**Activity**
In the listing that follows, how many lines hold the string "origin"? Answer with the number only.

—————

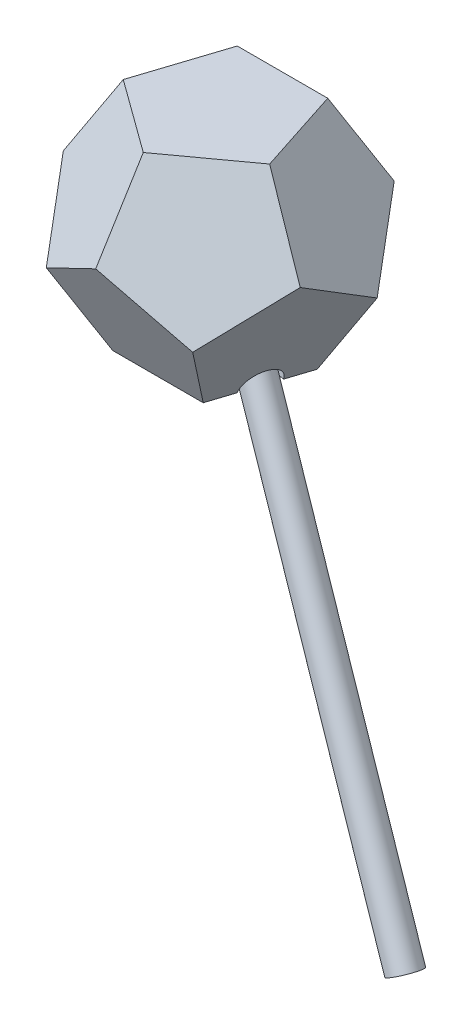
from build123d import *

# Parameters (mm, degrees)
BOSS_EXTRUDE1_DEPTH = 44.54
BOSS_EXTRUDE1_TAPER = -26.57
SKETCH2_OUTSIDE_W   = 156.308
SKETCH2_OUTSIDE_H   = 152.161
CUT_EXTRUDE1_DEPTH  = 44.54
CUT_EXTRUDE1_TAPER  = 26.57
SKETCH3_R           = 4.05
CUT_EXTRUDE2_DEPTH  = 35
SKETCH4_R           = 3.292788119
BOSS_EXTRUDE2_DEPTH = 130


with BuildPart() as part:
    # Sketch1 → Boss-Extrude1 (new body)
    with BuildSketch(Plane(origin=(0, 0, 0), x_dir=(1, 0, 0), z_dir=(0, 1, 0))):
        Polygon((0, 17.013016167), (-16.180339887, 5.257311121), (-10, -13.763819205), (10, -13.763819205), (16.180339887, 5.257311121), align=None)
    extrude(amount=BOSS_EXTRUDE1_DEPTH, taper=BOSS_EXTRUDE1_TAPER)

    # Sketch2 outside → Cut-Extrude1 (cut)
    with BuildSketch(Plane(origin=(0, 44.54, 0), x_dir=(1, 0, 0), z_dir=(0, 1, 0))):
        with Locations((0, 4.2535)):
            Rectangle(SKETCH2_OUTSIDE_W, SKETCH2_OUTSIDE_H)
        Polygon((0, -17.013016167), (16.180339887, -5.257311121), (10, 13.763819205), (-10, 13.763819205), (-16.180339887, -5.257311121), align=None, mode=Mode.SUBTRACT)
    extrude(amount=-CUT_EXTRUDE1_DEPTH, taper=CUT_EXTRUDE1_TAPER, mode=Mode.SUBTRACT)

    # Sketch3 → Cut-Extrude2 (cut)
    with BuildSketch(Plane(origin=(3.617528362, -6.155101222, 1.175406216), x_dir=(0.4408232334814932, 0.08851114782998275, -0.8932192639731522), z_dir=(0.49996506081853154, -0.8506735121122296, 0.16244849568822295))):
        with Locations(Location((1.971362597, 11.541364145, 0), (0, 0, 64.856110881))):
            Circle(SKETCH3_R)
    extrude(amount=-CUT_EXTRUDE2_DEPTH, mode=Mode.SUBTRACT)

    # Sketch4 → Boss-Extrude2 (add)
    with BuildSketch(Plane(origin=(-13.881248767, 23.618471702, -4.510291133), x_dir=(0.8660455749905556, 0.49109082304882484, -0.09378094452769076), z_dir=(0.49996506081853154, -0.8506735121122294, 0.16244849568822292))):
        with Locations(Location((10.937809574, 4.177759991, 0), (0, 0, 185.453817967))):
            Circle(SKETCH4_R)
    extrude(amount=BOSS_EXTRUDE2_DEPTH)


solid = part.part
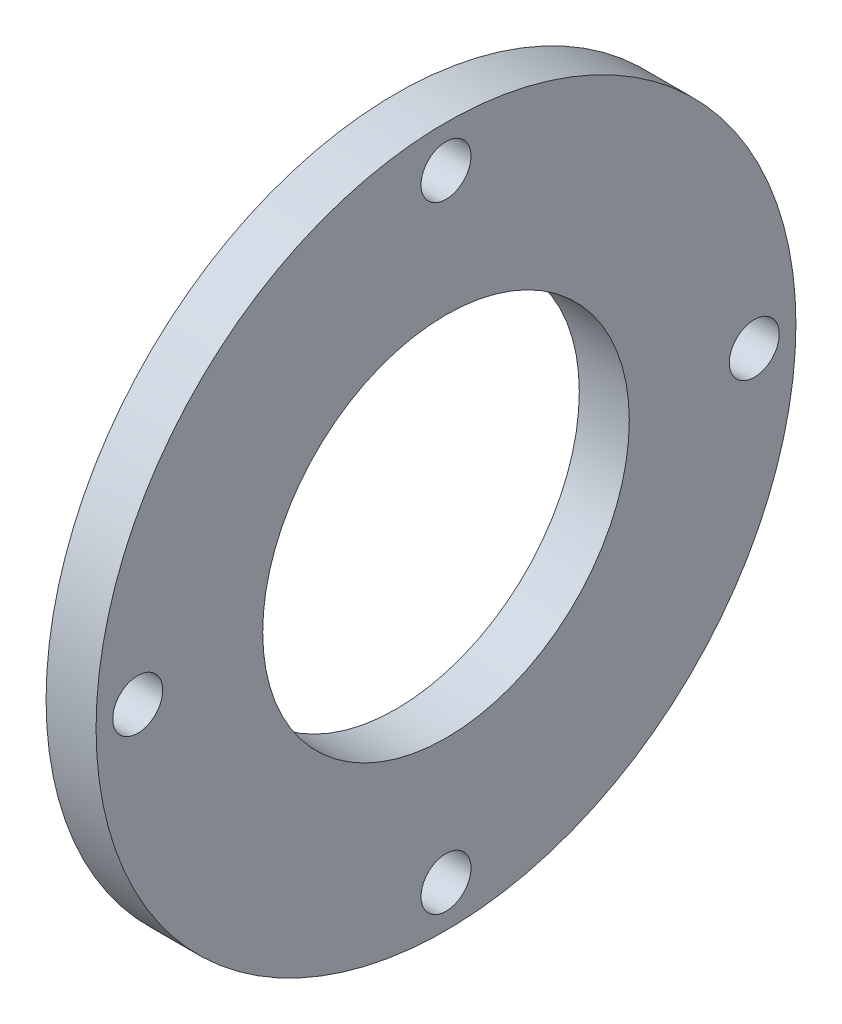
from build123d import *

# Parameters (mm, degrees)
SKETCH1_R           = 21
SKETCH1_R_2         = 11
SKETCH1_R_3         = 1.5
BOSS_EXTRUDE1_DEPTH = 3


with BuildPart() as part:
    # Sketch1 → Boss-Extrude1 (new body)
    with BuildSketch(Plane(origin=(0, 0, 0), x_dir=(0, 0, -1), z_dir=(1, 0, 0))):
        Circle(SKETCH1_R)
        Circle(SKETCH1_R_2, mode=Mode.SUBTRACT)
        with Locations((0, 18.5)):
            Circle(SKETCH1_R_3, mode=Mode.SUBTRACT)
        with Locations((18.5, 0)):
            Circle(SKETCH1_R_3, mode=Mode.SUBTRACT)
        with Locations((0, -18.5)):
            Circle(SKETCH1_R_3, mode=Mode.SUBTRACT)
        with Locations((-18.5, 0)):
            Circle(SKETCH1_R_3, mode=Mode.SUBTRACT)
    extrude(amount=BOSS_EXTRUDE1_DEPTH)


solid = part.part

—————

**Response area**
5